▶ What is expected: Looking at the records below, say how many lines include "Simulated", and add nothing else.

▶ Information supplied:
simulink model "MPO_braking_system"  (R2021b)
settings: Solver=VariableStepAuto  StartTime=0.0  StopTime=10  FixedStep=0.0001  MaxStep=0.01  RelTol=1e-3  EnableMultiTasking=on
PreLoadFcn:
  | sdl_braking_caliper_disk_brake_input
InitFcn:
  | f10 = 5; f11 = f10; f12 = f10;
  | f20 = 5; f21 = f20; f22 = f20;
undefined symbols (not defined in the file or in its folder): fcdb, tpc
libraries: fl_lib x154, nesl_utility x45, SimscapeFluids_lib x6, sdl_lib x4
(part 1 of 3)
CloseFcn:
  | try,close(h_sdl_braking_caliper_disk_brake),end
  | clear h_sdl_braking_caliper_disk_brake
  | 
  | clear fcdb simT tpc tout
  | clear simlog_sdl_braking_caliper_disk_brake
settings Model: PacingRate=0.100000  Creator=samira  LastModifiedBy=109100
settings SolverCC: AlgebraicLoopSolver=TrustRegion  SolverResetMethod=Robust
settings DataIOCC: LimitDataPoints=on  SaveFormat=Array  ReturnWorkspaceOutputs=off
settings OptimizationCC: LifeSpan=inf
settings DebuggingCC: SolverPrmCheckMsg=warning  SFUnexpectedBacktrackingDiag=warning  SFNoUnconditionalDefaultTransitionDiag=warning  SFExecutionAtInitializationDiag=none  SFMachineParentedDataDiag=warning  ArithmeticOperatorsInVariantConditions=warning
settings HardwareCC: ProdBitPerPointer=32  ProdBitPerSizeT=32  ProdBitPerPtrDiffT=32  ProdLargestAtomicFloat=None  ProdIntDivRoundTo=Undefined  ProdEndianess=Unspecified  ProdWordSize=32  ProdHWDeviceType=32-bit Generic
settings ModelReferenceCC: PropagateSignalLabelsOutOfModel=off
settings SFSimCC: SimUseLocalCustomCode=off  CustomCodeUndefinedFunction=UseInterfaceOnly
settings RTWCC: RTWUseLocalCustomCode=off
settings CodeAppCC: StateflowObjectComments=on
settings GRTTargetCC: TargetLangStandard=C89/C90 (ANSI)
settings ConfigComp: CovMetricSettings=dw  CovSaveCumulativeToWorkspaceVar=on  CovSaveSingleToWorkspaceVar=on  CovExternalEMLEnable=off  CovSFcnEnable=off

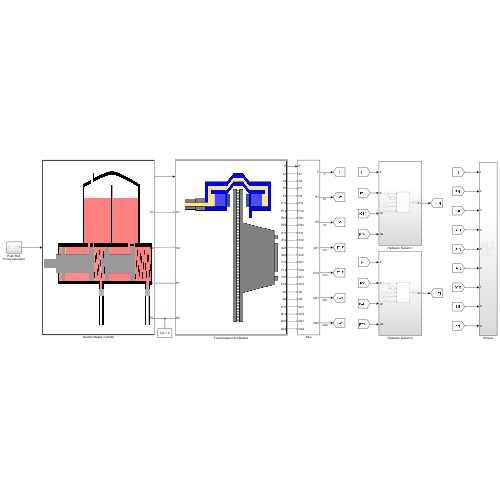
[thumbnail: Simulink's stored preview of the top-level diagram]
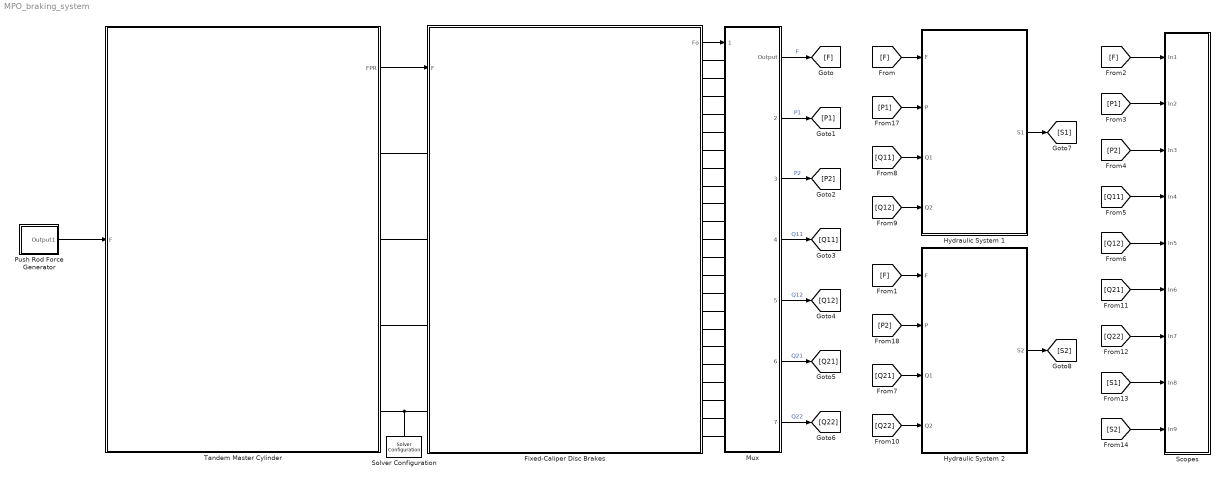
== system MPO_braking_system ==
  Fixed-Caliper Disc Brakes : Subsystem  Tag=ModelFeatures
      mask Display:
      | image('sdl_braking_caliper_disk_brake.png')
      | port_label('output',1,'F')
      | port_label('LConn',1,'X1')
      | port_label('LConn',2,'X2')
      | port_label('LConn',3,'P1')
      | port_label('LConn',4,'P2')
      | port_label('RConn',1,'X1')
      | port_label('RConn',2,'X2')
      | port_label('RConn',3,'P1')
      | port_label('RConn',4,'P2')
      | port_label('RConn',5,'P11')
      | port_label('RConn',6,'P12')
      | port_label('RConn',7,'P21')
      | port_label('RConn',8,'P22')
      | port_label('RConn',9,'X11')
      | port_label('RConn',10,'X12')
      | port_label('RConn',11,'X21')
      | port_label('RConn',12,'X22')
      | port_label('RConn',13,'F11')
      | port_label('RConn',14,'F12')
      | port_label('RConn',15,'F21')
      | port_label('RConn',16,'F22')
      | port_label('RConn',17,'Q1')
      | port_label('RConn',18,'Q2')
      | port_label('RConn',19,'Q11')
      | port_label('RConn',20,'Q12')
      | port_label('RConn',21,'Q21')
      | port_label('RConn',22,'Q22')
  Hydraulic System 1 : Subsystem
  Hydraulic System 2 : Subsystem
  Mux : Subsystem  Tag=ModelFeatures
      mask Display:
      | port_label('input',1,'F')
      | port_label('LConn',1,'S1')
      | port_label('LConn',2,'S2')
      | port_label('LConn',3,'P1')
      | port_label('LConn',4,'P2')
      | port_label('LConn',5,'P11')
      | port_label('LConn',6,'P12')
      | port_label('LConn',7,'P21')
      | port_label('LConn',8,'P22')
      | port_label('LConn',9,'S11')
      | port_label('LConn',10,'S12')
      | port_label('LConn',11,'S11')
      | port_label('LConn',12,'S12')
      | port_label('LConn',13,'Q11')
      | port_label('LConn',14,'Q12')
      | port_label('LConn',15,'Q11')
      | port_label('LConn',16,'Q12')
      | port_label('LConn',17,'Q1')
      | port_label('LConn',18,'Q2')
      | port_label('LConn',19,'Q11')
      | port_label('LConn',20,'Q12')
      | port_label('LConn',21,'Q21')
      | port_label('LConn',22,'Q22')
      | port_label('output',1,'F')
      | port_label('output',2,'P1')
      | port_label('output',3,'P2')
      | port_label('output',4,'Q11')
      | port_label('output',5,'Q12')
      | port_label('output',6,'Q21')
      | port_label('output',7,'Q22')
  Push Rod Force Generator : Subsystem
  Scopes : Subsystem
  Solver Configuration : nesl_utility/Solver Configuration  Tag=ModelFeatures  PhysicalDomain=network_engine_domain  SubClassName=solver  LeftPortType=input  RightPortType=generic  Tones=[]  Harmonics=[]  SimulateNoise=off  Profile=off  UseLocalSampling=off  EnableSwitchedLinearOptims=on  FrequencyDomain=off  UseCCode=off  RelTol=0.001  AbsTol=1e-06  MinStep=1e-09  ToWorkspace=off  RevertToSquareIcSolve=off  NumHomotopyIterations=100  PhasorMode=off  PhasorModeNumHarmonics=1  DoDC=on  ResidualTolerance=1e-09  UseLocalSolver=off  LocalSolverChoice=NE_BACKWARD_EULER_ADVANCER  LocalSolverSampleTime=0.001  DoFixedCost=off  MaxNonlinIter=3  MaxModeIter=2  ComputeImpulses=off  ImpulseIterations=2  LinearAlgebra=auto  EquationFormulation=NE_TIME_EF  DelaysMemoryBudget=1024  AutomaticFiltering=on  FilteringTimeConstant=0.001  PartitionStorageMethod=AS_NEEDED  PartitionMemoryBudget=1024  PartitionMethod=FAST
      settings: SourceProductBaseCode=PW,SS
  Tandem Master Cylinder : Subsystem
      mask Display:
      | image('sdl_braking_tandem_primary_cylinder.png');
      | %port_label('RConn',1,'F')
      | port_label('RConn',1,'X1')
      | port_label('RConn',2,'X2')
      | port_label('RConn',3,'P1')
      | port_label('RConn',4,'P2')
  wires:
  Push Rod Force Generator/1(Output1) -> Tandem Master Cylinder/1(F)
  Mux/4(Output3) -> [Q11]  "Q11"
  Tandem Master Cylinder/1(FPR) -> Fixed-Caliper Disc Brakes/1(F)
  Fixed-Caliper Disc Brakes/1(Fo) -> Mux/1(input01)
  Mux/1(Output) -> [F]  "F"
  Mux/5(Output4) -> [Q12]  "Q12"
  Mux/7(Output6) -> [Q22]  "Q22"
  Mux/6(Output5) -> [Q21]  "Q21"
  [F] -> Hydraulic System 1/1(F)
  [Q12] -> Hydraulic System 1/4(Q2)
  [Q21] -> Hydraulic System 2/3(Q1)
  [F] -> Hydraulic System 2/1(F)
  [Q22] -> Hydraulic System 2/4(Q2)
  Mux/2(Output1) -> [P1]  "P1"
  Mux/3(Output2) -> [P2]  "P2"
  [P1] -> Hydraulic System 1/2(P)
  [Q11] -> Hydraulic System 1/3(Q1)
  [P2] -> Hydraulic System 2/2(P)
  Hydraulic System 1/1(S1) -> [S1]
  Hydraulic System 2/1(S2) -> [S2]
  [F] -> Scopes/1(In1)
  [P1] -> Scopes/2(In2)
  [P2] -> Scopes/3(In3)
  [Q11] -> Scopes/4(In4)
  [Q12] -> Scopes/5(In5)
  [Q21] -> Scopes/6(In6)
  [Q22] -> Scopes/7(In7)
  [S1] -> Scopes/8(In8)
  [S2] -> Scopes/9(In9)
  connections:
  Fixed-Caliper Disc Brakes/LConn4 -- Tandem Master Cylinder/RConn4 -- Solver Configuration/RConn1
  Mux/LConn3 -- Fixed-Caliper Disc Brakes/RConn3
  Fixed-Caliper Disc Brakes/RConn19 -- Mux/LConn19
  Fixed-Caliper Disc Brakes/RConn20 -- Mux/LConn20
  Fixed-Caliper Disc Brakes/RConn21 -- Mux/LConn21
  Fixed-Caliper Disc Brakes/LConn3 -- Tandem Master Cylinder/RConn3
  Tandem Master Cylinder/RConn1 -- Fixed-Caliper Disc Brakes/LConn1
  Mux/LConn4 -- Fixed-Caliper Disc Brakes/RConn4
  Tandem Master Cylinder/RConn2 -- Fixed-Caliper Disc Brakes/LConn2
  Fixed-Caliper Disc Brakes/RConn18 -- Mux/LConn18
  Fixed-Caliper Disc Brakes/RConn17 -- Mux/LConn17
  Fixed-Caliper Disc Brakes/RConn16 -- Mux/LConn16
  Fixed-Caliper Disc Brakes/RConn15 -- Mux/LConn15
  Fixed-Caliper Disc Brakes/RConn14 -- Mux/LConn14
  Fixed-Caliper Disc Brakes/RConn13 -- Mux/LConn13
  Mux/LConn12 -- Fixed-Caliper Disc Brakes/RConn12
  Fixed-Caliper Disc Brakes/RConn11 -- Mux/LConn11
  Fixed-Caliper Disc Brakes/RConn10 -- Mux/LConn10
  Fixed-Caliper Disc Brakes/RConn9 -- Mux/LConn9
  Fixed-Caliper Disc Brakes/RConn1 -- Mux/LConn1
  Fixed-Caliper Disc Brakes/RConn2 -- Mux/LConn2
  Fixed-Caliper Disc Brakes/RConn5 -- Mux/LConn5
  Fixed-Caliper Disc Brakes/RConn6 -- Mux/LConn6
  Fixed-Caliper Disc Brakes/RConn7 -- Mux/LConn7
  Fixed-Caliper Disc Brakes/RConn8 -- Mux/LConn8
  Fixed-Caliper Disc Brakes/RConn22 -- Mux/LConn22

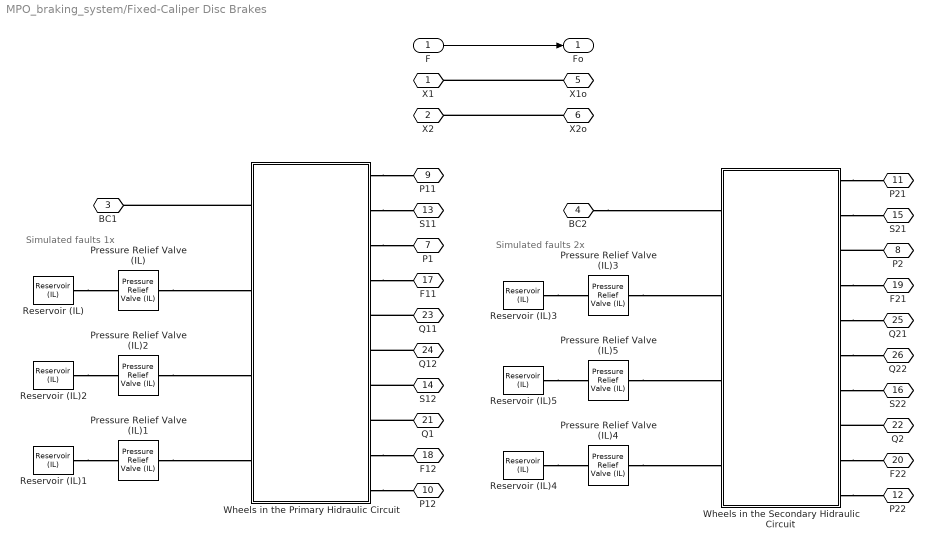
== system MPO_braking_system/Fixed-Caliper Disc Brakes ==
  note: Simulated faults 1x
  note: Simulated faults 2x
  F : Inport
  Pressure Relief Valve (IL) : SimscapeFluids_lib/Isothermal Liquid/Valves & Orifices/Pressure Control Valves/Pressure Relief Valve (IL)  set_pressure_spec=foundation.enum.constant_controlled.constant  pressure_spec=fluids.isothermal_liquid.valves_orifices.enum.pressure_control_spec.dp  p_set_gauge=0.1 MPa  p_set_differential=f10 MPa  p_range=0.1 MPa  opening_spec=fluids.isothermal_liquid.valves_orifices.enum.opening_spec.linear  area_max=1e-4 m^2  area_leak=1e-10 m^2  p_diff_TLU=[0.2 : 0.2 : 1.2] MPa  valve_area_TLU=[1e-10, 2e-06, 4e-06, 6e-06, 8e-06, 1e-05] m^2  area=inf m^2  Cd=0.64  Re_c=150  pressure_recovery=simscape.enum.onoff.off  smoothing_factor=0.01  opening_dynamics=simscape.enum.onoff.off  tau=0.1 s  enable_faults=simscape.enum.onoff.off  fault_type=fluids.enum.FaultOpening.Closed  fault_trigger=foundation.enum.faultSpec.Temporal  fault_time=5 s
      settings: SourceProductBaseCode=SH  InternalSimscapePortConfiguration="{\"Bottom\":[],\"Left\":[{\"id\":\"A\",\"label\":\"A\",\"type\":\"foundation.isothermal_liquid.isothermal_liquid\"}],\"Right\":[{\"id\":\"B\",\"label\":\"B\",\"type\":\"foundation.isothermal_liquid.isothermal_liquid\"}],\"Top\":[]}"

▶ Exercise result: 2